Nana is licensed for English-language release in North America by Viz Media. It was serialized in Viz's manga anthology Shojo Beat, from July 2005 to August 2007. The series continued publication in book form, with all 21 volumes released as of July 6, 2010. Madman Entertainment distributes the series in New Zealand and Australia.

==Volumes==

| No. | Original release date | Original ISBN | English release date | English ISBN |
| 1 | May 15, 2000 | 4-08-856209-7 | December 6, 2005 | 978-1-4215-0108-6 |
| "Nana – Nana Komatsu"; "Nana – Nana Osaki"; |
Nana Komatsu, during her final year of high school in 1999, ends an affair with married salaryman Takashi Asano after he transfers to Tokyo. She enrolls at a local art college with friend Junko Saotome, where they meet Kyosuke Takakura and Shoji Endo. Initially resisting her feelings for Shoji despite mutual attraction, Komatsu reconsiders when her friends plan to move to Tokyo for university. After failing her college entrance exams, she encounters Takashi during a Tokyo visit and achieves closure. When Shoji confesses his feelings, Komatsu vows to establish herself financially before reuniting with him in Tokyo. In March 1999, Nana Osaki celebrates a successful concert with her band Blast, featuring bassist Ren Honjo, guitarist Nobuo "Nobu" Terashima, and drummer Yasushi "Yasu" Takagi. However, Ren plans to relocate to Tokyo and join a new band, creating tension in his romantic relationship with Osaki. After an emotional farewell, Osaki continues leading Blast before pursuing her music career in Tokyo two years later.
| 2 | December 11, 2000 | 4-08-856248-8 | February 7, 2006 | 978-1-4215-0378-3 |
| Chapters 1–4; |
In March 2000, 19-year-old Nana K. abruptly resigns from her video rental position upon learning her long-distance boyfriend Shoji has passed his Tokyo university entrance examinations. She immediately departs for Tokyo, boarding an overnight train where she encounters Nana O. Discovering they share the same name, age, and destination, the two women form an acquaintance. After initially separating at the station, they coincidentally reunite while apartment hunting and decide to share unit 707 (pronounced "nana" in Japanese) to reduce living expenses. As Komatsu adjusts to life in Tokyo with Shoji, she gradually becomes acquainted with Osaki's world.
| 3 | May 15, 2001 | 4-08-856338-7 | June 6, 2006 | 978-1-4215-0479-7 |
| Chapters 5–8; |
Osaki reluctantly agrees to reform Blast as a band rather than pursue a solo career, following persuasion from Yasu.

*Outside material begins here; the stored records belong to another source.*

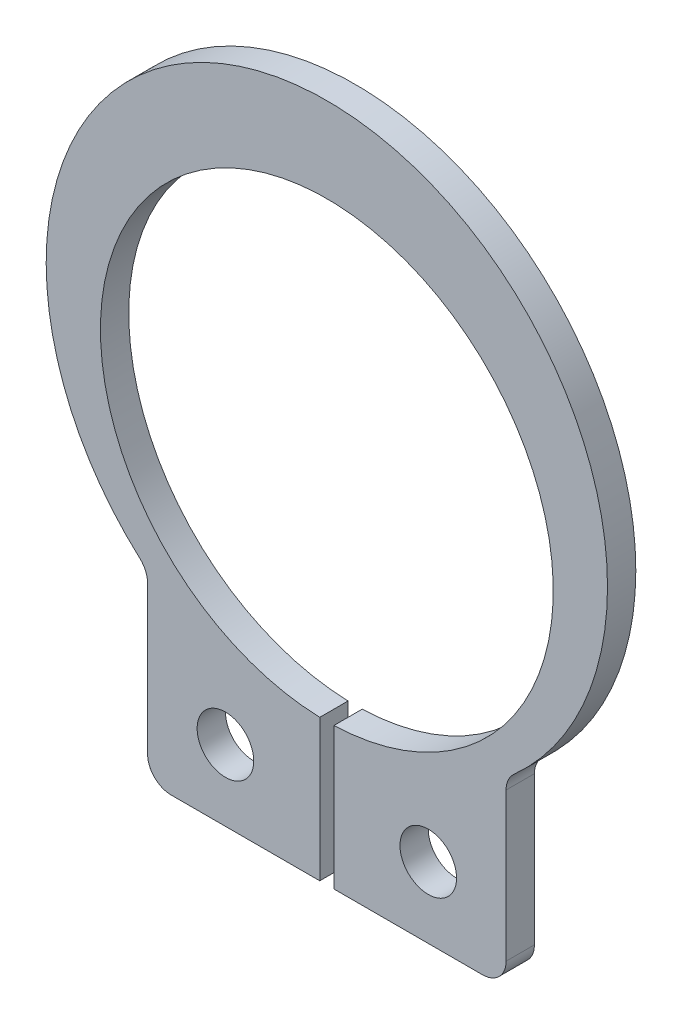
ISO-10303-21;
HEADER;
FILE_DESCRIPTION(('STEP AP214'),'2;1');
FILE_NAME('part.step','',(''),(''),'','','');
FILE_SCHEMA(('AUTOMOTIVE_DESIGN { 1 0 10303 214 1 1 1 1 }'));
ENDSEC;
DATA;
#1=APPLICATION_CONTEXT('core data for automotive mechanical design processes');
#2=APPLICATION_PROTOCOL_DEFINITION('international standard','automotive_design',2000,#1);
#3=PRODUCT_CONTEXT('',#1,'mechanical');
#4=PRODUCT('Part','Part','',(#3));
#5=PRODUCT_RELATED_PRODUCT_CATEGORY('part','',(#4));
#6=PRODUCT_DEFINITION_FORMATION('','',#4);
#7=PRODUCT_DEFINITION_CONTEXT('part definition',#1,'design');
#8=PRODUCT_DEFINITION('design','',#6,#7);
#9=PRODUCT_DEFINITION_SHAPE('','',#8);
#10=(LENGTH_UNIT() NAMED_UNIT(*) SI_UNIT(.MILLI.,.METRE.));
#11=(NAMED_UNIT(*) PLANE_ANGLE_UNIT() SI_UNIT($,.RADIAN.));
#12=(NAMED_UNIT(*) SI_UNIT($,.STERADIAN.) SOLID_ANGLE_UNIT());
#13=UNCERTAINTY_MEASURE_WITH_UNIT(LENGTH_MEASURE(1.E-05),#10,'distance_accuracy_value','');
#14=(GEOMETRIC_REPRESENTATION_CONTEXT(3) GLOBAL_UNCERTAINTY_ASSIGNED_CONTEXT((#13)) GLOBAL_UNIT_ASSIGNED_CONTEXT((#10,
#11,#12)) REPRESENTATION_CONTEXT('',''));
#15=CARTESIAN_POINT('',(0.,0.,0.));
#16=DIRECTION('',(0.,0.,1.));
#17=DIRECTION('',(1.,0.,0.));
#18=AXIS2_PLACEMENT_3D('',#15,#16,#17);
#19=CARTESIAN_POINT('',(4.3,-4.15754615162455,-0.6));
#20=DIRECTION('',(0.,0.,1.));
#21=DIRECTION('',(1.,0.,0.));
#22=AXIS2_PLACEMENT_3D('',#19,#20,#21);
#23=CYLINDRICAL_SURFACE('',#22,0.5);
#24=CARTESIAN_POINT('',(4.3,-4.15754615162455,0.));
#25=DIRECTION('',(0.,0.,-1.));
#26=DIRECTION('',(-1.,0.,0.));
#27=AXIS2_PLACEMENT_3D('',#24,#25,#26);
#28=CIRCLE('',#27,0.5);
#29=CARTESIAN_POINT('',(3.8,-4.15754615162455,0.));
#30=VERTEX_POINT('',#29);
#31=CARTESIAN_POINT('',(3.96666666666667,-3.78486815537458,0.));
#32=VERTEX_POINT('',#31);
#33=EDGE_CURVE('E155',#30,#32,#28,.T.);
#34=ORIENTED_EDGE('',*,*,#33,.F.);
#35=DIRECTION('',(0.,0.,1.));
#36=VECTOR('',#35,1.);
#37=CARTESIAN_POINT('',(3.8,-4.15754615162455,-0.6));
#38=LINE('',#37,#36);
#39=CARTESIAN_POINT('',(3.8,-4.15754615162455,-0.6));
#40=VERTEX_POINT('',#39);
#41=EDGE_CURVE('E11',#40,#30,#38,.T.);
#42=ORIENTED_EDGE('',*,*,#41,.F.);
#43=CARTESIAN_POINT('',(4.3,-4.15754615162455,-0.6));
#44=DIRECTION('',(0.,0.,-1.));
#45=DIRECTION('',(-1.,0.,0.));
#46=AXIS2_PLACEMENT_3D('',#43,#44,#45);
#47=CIRCLE('',#46,0.5);
#48=CARTESIAN_POINT('',(3.96666666666667,-3.78486815537458,-0.6));
#49=VERTEX_POINT('',#48);
#50=EDGE_CURVE('E188',#40,#49,#47,.T.);
#51=ORIENTED_EDGE('',*,*,#50,.T.);
#52=DIRECTION('',(0.,0.,1.));
#53=VECTOR('',#52,1.);
#54=CARTESIAN_POINT('',(3.96666666666667,-3.78486815537458,-0.6));
#55=LINE('',#54,#53);
#56=EDGE_CURVE('E37',#49,#32,#55,.T.);
#57=ORIENTED_EDGE('',*,*,#56,.T.);
#58=EDGE_LOOP('',(#34,#42,#51,#57));
#59=FACE_BOUND('',#58,.T.);
#60=ADVANCED_FACE('F34',(#59),#23,.F.);
#61=CARTESIAN_POINT('',(3.8,-7.3,-0.6));
#62=DIRECTION('',(1.,0.,0.));
#63=DIRECTION('',(0.,0.,-1.));
#64=AXIS2_PLACEMENT_3D('',#61,#62,#63);
#65=PLANE('',#64);
#66=DIRECTION('',(0.,1.,0.));
#67=VECTOR('',#66,1.);
#68=CARTESIAN_POINT('',(3.8,-7.3,0.));
#69=LINE('',#68,#67);
#70=CARTESIAN_POINT('',(3.8,-7.3,0.));
#71=VERTEX_POINT('',#70);
#72=EDGE_CURVE('E186',#71,#30,#69,.T.);
#73=ORIENTED_EDGE('',*,*,#72,.F.);
#74=DIRECTION('',(0.,0.,1.));
#75=VECTOR('',#74,1.);
#76=CARTESIAN_POINT('',(3.8,-7.3,-0.6));
#77=LINE('',#76,#75);
#78=CARTESIAN_POINT('',(3.8,-7.3,-0.6));
#79=VERTEX_POINT('',#78);
#80=EDGE_CURVE('E43',#79,#71,#77,.T.);
#81=ORIENTED_EDGE('',*,*,#80,.F.);
#82=DIRECTION('',(0.,1.,0.));
#83=VECTOR('',#82,1.);
#84=CARTESIAN_POINT('',(3.8,-7.3,-0.6));
#85=LINE('',#84,#83);
#86=EDGE_CURVE('E145',#79,#40,#85,.T.);
#87=ORIENTED_EDGE('',*,*,#86,.T.);
#88=ORIENTED_EDGE('',*,*,#41,.T.);
#89=EDGE_LOOP('',(#73,#81,#87,#88));
#90=FACE_BOUND('',#89,.T.);
#91=ADVANCED_FACE('F208',(#90),#65,.T.);
#92=CARTESIAN_POINT('',(3.3,-7.3,-0.6));
#93=DIRECTION('',(0.,0.,1.));
#94=DIRECTION('',(1.,0.,0.));
#95=AXIS2_PLACEMENT_3D('',#92,#93,#94);
#96=CYLINDRICAL_SURFACE('',#95,0.5);
#97=CARTESIAN_POINT('',(3.3,-7.3,0.));
#98=DIRECTION('',(0.,0.,1.));
#99=DIRECTION('',(1.,0.,0.));
#100=AXIS2_PLACEMENT_3D('',#97,#98,#99);
#101=CIRCLE('',#100,0.5);
#102=CARTESIAN_POINT('',(3.3,-7.8,0.));
#103=VERTEX_POINT('',#102);
#104=EDGE_CURVE('E132',#103,#71,#101,.T.);
#105=ORIENTED_EDGE('',*,*,#104,.F.);
#106=DIRECTION('',(0.,0.,1.));
#107=VECTOR('',#106,1.);
#108=CARTESIAN_POINT('',(3.3,-7.8,-0.6));
#109=LINE('',#108,#107);
#110=CARTESIAN_POINT('',(3.3,-7.8,-0.6));
#111=VERTEX_POINT('',#110);
#112=EDGE_CURVE('E127',#111,#103,#109,.T.);
#113=ORIENTED_EDGE('',*,*,#112,.F.);
#114=CARTESIAN_POINT('',(3.3,-7.3,-0.6));
#115=DIRECTION('',(0.,0.,1.));
#116=DIRECTION('',(1.,0.,0.));
#117=AXIS2_PLACEMENT_3D('',#114,#115,#116);
#118=CIRCLE('',#117,0.5);
#119=EDGE_CURVE('E130',#111,#79,#118,.T.);
#120=ORIENTED_EDGE('',*,*,#119,.T.);
#121=ORIENTED_EDGE('',*,*,#80,.T.);
#122=EDGE_LOOP('',(#105,#113,#120,#121));
#123=FACE_BOUND('',#122,.T.);
#124=ADVANCED_FACE('F129',(#123),#96,.T.);
#125=CARTESIAN_POINT('',(0.15,-7.8,-0.6));
#126=DIRECTION('',(0.,-1.,0.));
#127=DIRECTION('',(0.,0.,-1.));
#128=AXIS2_PLACEMENT_3D('',#125,#126,#127);
#129=PLANE('',#128);
#130=DIRECTION('',(1.,0.,0.));
#131=VECTOR('',#130,1.);
#132=CARTESIAN_POINT('',(0.15,-7.8,0.));
#133=LINE('',#132,#131);
#134=CARTESIAN_POINT('',(0.15,-7.8,0.));
#135=VERTEX_POINT('',#134);
#136=EDGE_CURVE('E183',#135,#103,#133,.T.);
#137=ORIENTED_EDGE('',*,*,#136,.F.);
#138=DIRECTION('',(0.,0.,1.));
#139=VECTOR('',#138,1.);
#140=CARTESIAN_POINT('',(0.15,-7.8,-0.6));
#141=LINE('',#140,#139);
#142=CARTESIAN_POINT('',(0.15,-7.8,-0.6));
#143=VERTEX_POINT('',#142);
#144=EDGE_CURVE('E137',#143,#135,#141,.T.);
#145=ORIENTED_EDGE('',*,*,#144,.F.);
#146=DIRECTION('',(1.,0.,0.));
#147=VECTOR('',#146,1.);
#148=CARTESIAN_POINT('',(0.15,-7.8,-0.6));
#149=LINE('',#148,#147);
#150=EDGE_CURVE('E143',#143,#111,#149,.T.);
#151=ORIENTED_EDGE('',*,*,#150,.T.);
#152=ORIENTED_EDGE('',*,*,#112,.T.);
#153=EDGE_LOOP('',(#137,#145,#151,#152));
#154=FACE_BOUND('',#153,.T.);
#155=ADVANCED_FACE('F147',(#154),#129,.T.);
#156=CARTESIAN_POINT('',(0.15,-4.79765567751584,-0.6));
#157=DIRECTION('',(-1.,0.,0.));
#158=DIRECTION('',(0.,-1.,0.));
#159=AXIS2_PLACEMENT_3D('',#156,#157,#158);
#160=PLANE('',#159);
#161=DIRECTION('',(0.,-1.,0.));
#162=VECTOR('',#161,1.);
#163=CARTESIAN_POINT('',(0.15,-4.79765567751584,0.));
#164=LINE('',#163,#162);
#165=CARTESIAN_POINT('',(0.150000000000003,-4.79765567751584,0.));
#166=VERTEX_POINT('',#165);
#167=EDGE_CURVE('E180',#166,#135,#164,.T.);
#168=ORIENTED_EDGE('',*,*,#167,.F.);
#169=DIRECTION('',(0.,0.,1.));
#170=VECTOR('',#169,1.);
#171=CARTESIAN_POINT('',(0.150000000000003,-4.79765567751584,-0.6));
#172=LINE('',#171,#170);
#173=CARTESIAN_POINT('',(0.150000000000003,-4.79765567751584,-0.6));
#174=VERTEX_POINT('',#173);
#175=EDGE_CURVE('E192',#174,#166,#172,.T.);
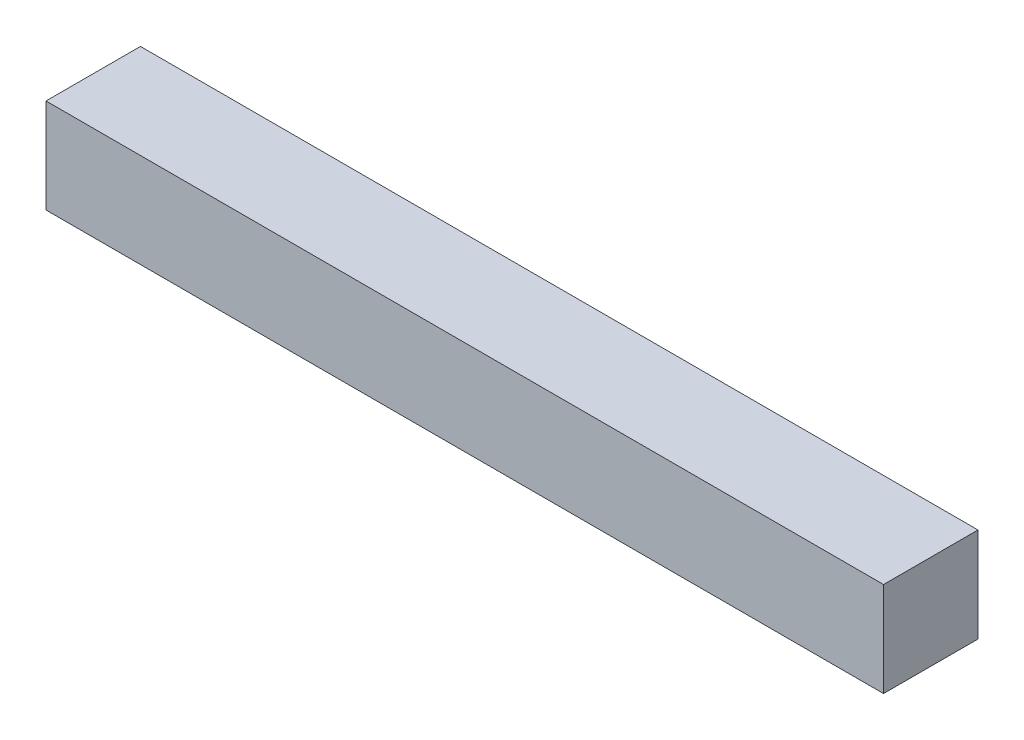
ISO-10303-21;
HEADER;
FILE_DESCRIPTION(('STEP AP214'),'2;1');
FILE_NAME('part.step','',(''),(''),'','','');
FILE_SCHEMA(('AUTOMOTIVE_DESIGN { 1 0 10303 214 1 1 1 1 }'));
ENDSEC;
DATA;
#1=APPLICATION_CONTEXT('core data for automotive mechanical design processes');
#2=APPLICATION_PROTOCOL_DEFINITION('international standard','automotive_design',2000,#1);
#3=PRODUCT_CONTEXT('',#1,'mechanical');
#4=PRODUCT('Part','Part','',(#3));
#5=PRODUCT_RELATED_PRODUCT_CATEGORY('part','',(#4));
#6=PRODUCT_DEFINITION_FORMATION('','',#4);
#7=PRODUCT_DEFINITION_CONTEXT('part definition',#1,'design');
#8=PRODUCT_DEFINITION('design','',#6,#7);
#9=PRODUCT_DEFINITION_SHAPE('','',#8);
#10=(LENGTH_UNIT() NAMED_UNIT(*) SI_UNIT(.MILLI.,.METRE.));
#11=(NAMED_UNIT(*) PLANE_ANGLE_UNIT() SI_UNIT($,.RADIAN.));
#12=(NAMED_UNIT(*) SI_UNIT($,.STERADIAN.) SOLID_ANGLE_UNIT());
#13=UNCERTAINTY_MEASURE_WITH_UNIT(LENGTH_MEASURE(1.E-05),#10,'distance_accuracy_value','');
#14=(GEOMETRIC_REPRESENTATION_CONTEXT(3) GLOBAL_UNCERTAINTY_ASSIGNED_CONTEXT((#13)) GLOBAL_UNIT_ASSIGNED_CONTEXT((#10,
#11,#12)) REPRESENTATION_CONTEXT('',''));
#15=CARTESIAN_POINT('',(0.,0.,0.));
#16=DIRECTION('',(0.,0.,1.));
#17=DIRECTION('',(1.,0.,0.));
#18=AXIS2_PLACEMENT_3D('',#15,#16,#17);
#19=CARTESIAN_POINT('',(168.91,0.,19.05));
#20=DIRECTION('',(0.,-1.,0.));
#21=DIRECTION('',(0.,0.,-1.));
#22=AXIS2_PLACEMENT_3D('',#19,#20,#21);
#23=PLANE('',#22);
#24=DIRECTION('',(-1.,0.,0.));
#25=VECTOR('',#24,1.);
#26=CARTESIAN_POINT('',(168.91,0.,0.));
#27=LINE('',#26,#25);
#28=CARTESIAN_POINT('',(168.91,0.,0.));
#29=VERTEX_POINT('',#28);
#30=CARTESIAN_POINT('',(0.,0.,0.));
#31=VERTEX_POINT('',#30);
#32=EDGE_CURVE('E67',#29,#31,#27,.T.);
#33=ORIENTED_EDGE('',*,*,#32,.F.);
#34=DIRECTION('',(0.,0.,-1.));
#35=VECTOR('',#34,1.);
#36=CARTESIAN_POINT('',(168.91,0.,19.05));
#37=LINE('',#36,#35);
#38=CARTESIAN_POINT('',(168.91,0.,19.05));
#39=VERTEX_POINT('',#38);
#40=EDGE_CURVE('E19',#39,#29,#37,.T.);
#41=ORIENTED_EDGE('',*,*,#40,.F.);
#42=DIRECTION('',(-1.,0.,0.));
#43=VECTOR('',#42,1.);
#44=CARTESIAN_POINT('',(168.91,0.,19.05));
#45=LINE('',#44,#43);
#46=CARTESIAN_POINT('',(0.,0.,19.05));
#47=VERTEX_POINT('',#46);
#48=EDGE_CURVE('E69',#39,#47,#45,.T.);
#49=ORIENTED_EDGE('',*,*,#48,.T.);
#50=DIRECTION('',(0.,0.,-1.));
#51=VECTOR('',#50,1.);
#52=CARTESIAN_POINT('',(0.,0.,19.05));
#53=LINE('',#52,#51);
#54=EDGE_CURVE('E11',#47,#31,#53,.T.);
#55=ORIENTED_EDGE('',*,*,#54,.T.);
#56=EDGE_LOOP('',(#33,#41,#49,#55));
#57=FACE_BOUND('',#56,.T.);
#58=ADVANCED_FACE('F16',(#57),#23,.T.);
#59=CARTESIAN_POINT('',(0.,0.,19.05));
#60=DIRECTION('',(-1.,0.,0.));
#61=DIRECTION('',(0.,0.,1.));
#62=AXIS2_PLACEMENT_3D('',#59,#60,#61);
#63=PLANE('',#62);
#64=DIRECTION('',(0.,1.,0.));
#65=VECTOR('',#64,1.);
#66=CARTESIAN_POINT('',(0.,0.,0.));
#67=LINE('',#66,#65);
#68=CARTESIAN_POINT('',(0.,19.05,0.));
#69=VERTEX_POINT('',#68);
#70=EDGE_CURVE('E72',#31,#69,#67,.T.);
#71=ORIENTED_EDGE('',*,*,#70,.F.);
#72=ORIENTED_EDGE('',*,*,#54,.F.);
#73=DIRECTION('',(0.,1.,0.));
#74=VECTOR('',#73,1.);
#75=CARTESIAN_POINT('',(0.,0.,19.05));
#76=LINE('',#75,#74);
#77=CARTESIAN_POINT('',(0.,19.05,19.05));
#78=VERTEX_POINT('',#77);
#79=EDGE_CURVE('E78',#47,#78,#76,.T.);
#80=ORIENTED_EDGE('',*,*,#79,.T.);
#81=DIRECTION('',(0.,0.,-1.));
#82=VECTOR('',#81,1.);
#83=CARTESIAN_POINT('',(0.,19.05,19.05));
#84=LINE('',#83,#82);
#85=EDGE_CURVE('E24',#78,#69,#84,.T.);
#86=ORIENTED_EDGE('',*,*,#85,.T.);
#87=EDGE_LOOP('',(#71,#72,#80,#86));
#88=FACE_BOUND('',#87,.T.);
#89=ADVANCED_FACE('F85',(#88),#63,.T.);
#90=CARTESIAN_POINT('',(0.,19.05,19.05));
#91=DIRECTION('',(0.,1.,0.));
#92=DIRECTION('',(0.,0.,1.));
#93=AXIS2_PLACEMENT_3D('',#90,#91,#92);
#94=PLANE('',#93);
#95=DIRECTION('',(1.,0.,0.));
#96=VECTOR('',#95,1.);
#97=CARTESIAN_POINT('',(0.,19.05,0.));
#98=LINE('',#97,#96);
#99=CARTESIAN_POINT('',(168.91,19.05,0.));
#100=VERTEX_POINT('',#99);
#101=EDGE_CURVE('E68',#69,#100,#98,.T.);
#102=ORIENTED_EDGE('',*,*,#101,.F.);
#103=ORIENTED_EDGE('',*,*,#85,.F.);
#104=DIRECTION('',(1.,0.,0.));
#105=VECTOR('',#104,1.);
#106=CARTESIAN_POINT('',(0.,19.05,19.05));
#107=LINE('',#106,#105);
#108=CARTESIAN_POINT('',(168.91,19.05,19.05));
#109=VERTEX_POINT('',#108);
#110=EDGE_CURVE('E80',#78,#109,#107,.T.);
#111=ORIENTED_EDGE('',*,*,#110,.T.);
#112=DIRECTION('',(0.,0.,-1.));
#113=VECTOR('',#112,1.);
#114=CARTESIAN_POINT('',(168.91,19.05,19.05));
#115=LINE('',#114,#113);
#116=EDGE_CURVE('E31',#109,#100,#115,.T.);
#117=ORIENTED_EDGE('',*,*,#116,.T.);
#118=EDGE_LOOP('',(#102,#103,#111,#117));
#119=FACE_BOUND('',#118,.T.);
#120=ADVANCED_FACE('F88',(#119),#94,.T.);
#121=CARTESIAN_POINT('',(168.91,19.05,19.05));
#122=DIRECTION('',(1.,0.,0.));
#123=DIRECTION('',(0.,0.,-1.));
#124=AXIS2_PLACEMENT_3D('',#121,#122,#123);
#125=PLANE('',#124);
#126=DIRECTION('',(0.,-1.,0.));
#127=VECTOR('',#126,1.);
#128=CARTESIAN_POINT('',(168.91,19.05,0.));
#129=LINE('',#128,#127);
#130=EDGE_CURVE('E55',#100,#29,#129,.T.);
#131=ORIENTED_EDGE('',*,*,#130,.F.);
#132=ORIENTED_EDGE('',*,*,#116,.F.);
#133=DIRECTION('',(0.,-1.,0.));
#134=VECTOR('',#133,1.);
#135=CARTESIAN_POINT('',(168.91,19.05,19.05));
#136=LINE('',#135,#134);
#137=EDGE_CURVE('E58',#109,#39,#136,.T.);
#138=ORIENTED_EDGE('',*,*,#137,.T.);
#139=ORIENTED_EDGE('',*,*,#40,.T.);
#140=EDGE_LOOP('',(#131,#132,#138,#139));
#141=FACE_BOUND('',#140,.T.);
#142=ADVANCED_FACE('F54',(#141),#125,.T.);
#143=CARTESIAN_POINT('',(0.,0.,19.05));
#144=DIRECTION('',(0.,0.,-1.));
#145=DIRECTION('',(-1.,0.,0.));
#146=AXIS2_PLACEMENT_3D('',#143,#144,#145);
#147=PLANE('',#146);
#148=ORIENTED_EDGE('',*,*,#48,.F.);
#149=ORIENTED_EDGE('',*,*,#137,.F.);
#150=ORIENTED_EDGE('',*,*,#110,.F.);
#151=ORIENTED_EDGE('',*,*,#79,.F.);
#152=EDGE_LOOP('',(#148,#149,#150,#151));
#153=FACE_BOUND('',#152,.T.);
#154=ADVANCED_FACE('F90',(#153),#147,.F.);
#155=CARTESIAN_POINT('',(0.,0.,0.));
#156=DIRECTION('',(0.,0.,-1.));
#157=DIRECTION('',(-1.,0.,0.));
#158=AXIS2_PLACEMENT_3D('',#155,#156,#157);
#159=PLANE('',#158);
#160=ORIENTED_EDGE('',*,*,#32,.T.);
#161=ORIENTED_EDGE('',*,*,#70,.T.);
#162=ORIENTED_EDGE('',*,*,#101,.T.);
#163=ORIENTED_EDGE('',*,*,#130,.T.);
#164=EDGE_LOOP('',(#160,#161,#162,#163));
#165=FACE_BOUND('',#164,.T.);
#166=ADVANCED_FACE('F65',(#165),#159,.T.);
#167=CLOSED_SHELL('',(#58,#89,#120,#142,#154,#166));
#168=MANIFOLD_SOLID_BREP('B1',#167);
#169=ADVANCED_BREP_SHAPE_REPRESENTATION('',(#18,#168),#14);
#170=SHAPE_DEFINITION_REPRESENTATION(#9,#169);
ENDSEC;
END-ISO-10303-21;

The group begins searching for new members, posting flyers that attract bassist Shinichi Okazaki, who provides access to an affordable recording studio after neighbors complain about noise. Though initially skeptical of Shinichi's youthful appearance and family situation, Osaki accepts him into the band after an impressive audition, challenging him to surpass Ren's musical skill. Meanwhile, Komatsu (nicknamed "Hachi" for her dog-like loyalty) faces financial struggles when her workplace closes. Her boyfriend Shoji grows increasingly acquainted with his coworker Sachiko Kawamura. The band's reunion progresses when Blast's original drummer Yasushi Takagi visits apartment 707 to reclaim his position.
| 4 | December 10, 2001 | 4-08-856338-7 | October 3, 2006 | 978-1-4215-0480-3 |
| Chapters 9–12; |
Hachi witnesses Shoji embracing coworker Sachiko and silently retreats, assuming their relationship has ended. Seeking distraction, she recalls owning tickets for a Trapnest concert and searches for a companion after her original plans with Shoji collapse. Meanwhile, Blast performs their first Tokyo concert where they meet longtime fan Misato Uehara. Nana invites Misato to visit Tokyo Disneyland, creating tension with Hachi who feels her personal space is being invaded. Through interactions with Misato and Nobu, Hachi discovers the identity of Blast's former bassist and his connection to Nana. Motivated by this revelation, Hachi convinces Nana to attend the Trapnest concert, hoping the front-row seats will facilitate a reunion between Nana and Ren. Though hesitant, Nana ultimately agrees. Concurrently, Yasu receives an unexpected late-night visit from an old acquaintance.
| 5 | May 15, 2002 | 4-08-856377-8 | February 6, 2007 | 978-1-4215-1019-4 |
| Chapters 13–16; |
Ren contacts Yasu in distress after encountering Nana unexpectedly. Yasu provides Hachi's contact information, encouraging Ren to reconcile rather than dwell on past regrets. When Nana discovers this intervention, she initially protests but ultimately agrees to meet Ren at his hotel. Their emotional reunion results in a renewed relationship with the understanding that Nana's music career remains her priority. The reconciliation energizes Blast, with Nana implementing stricter rehearsal schedules. A gathering at apartment 707 brings together members of Blast and Trapnest, including guitarist Takumi Ichinose who surprises Hachi. During the meeting, Yasu, Ren and Takumi share childhood stories that reveal previously unknown connections between the groups. Meanwhile, Hachi loses her editing job after repeated professional missteps and unexpectedly seeks comfort with Takumi. When other Trapnest members learn about the gathering, Reira questions Yasu's decision to pursue music over his legal career, while Ren remains contemplative.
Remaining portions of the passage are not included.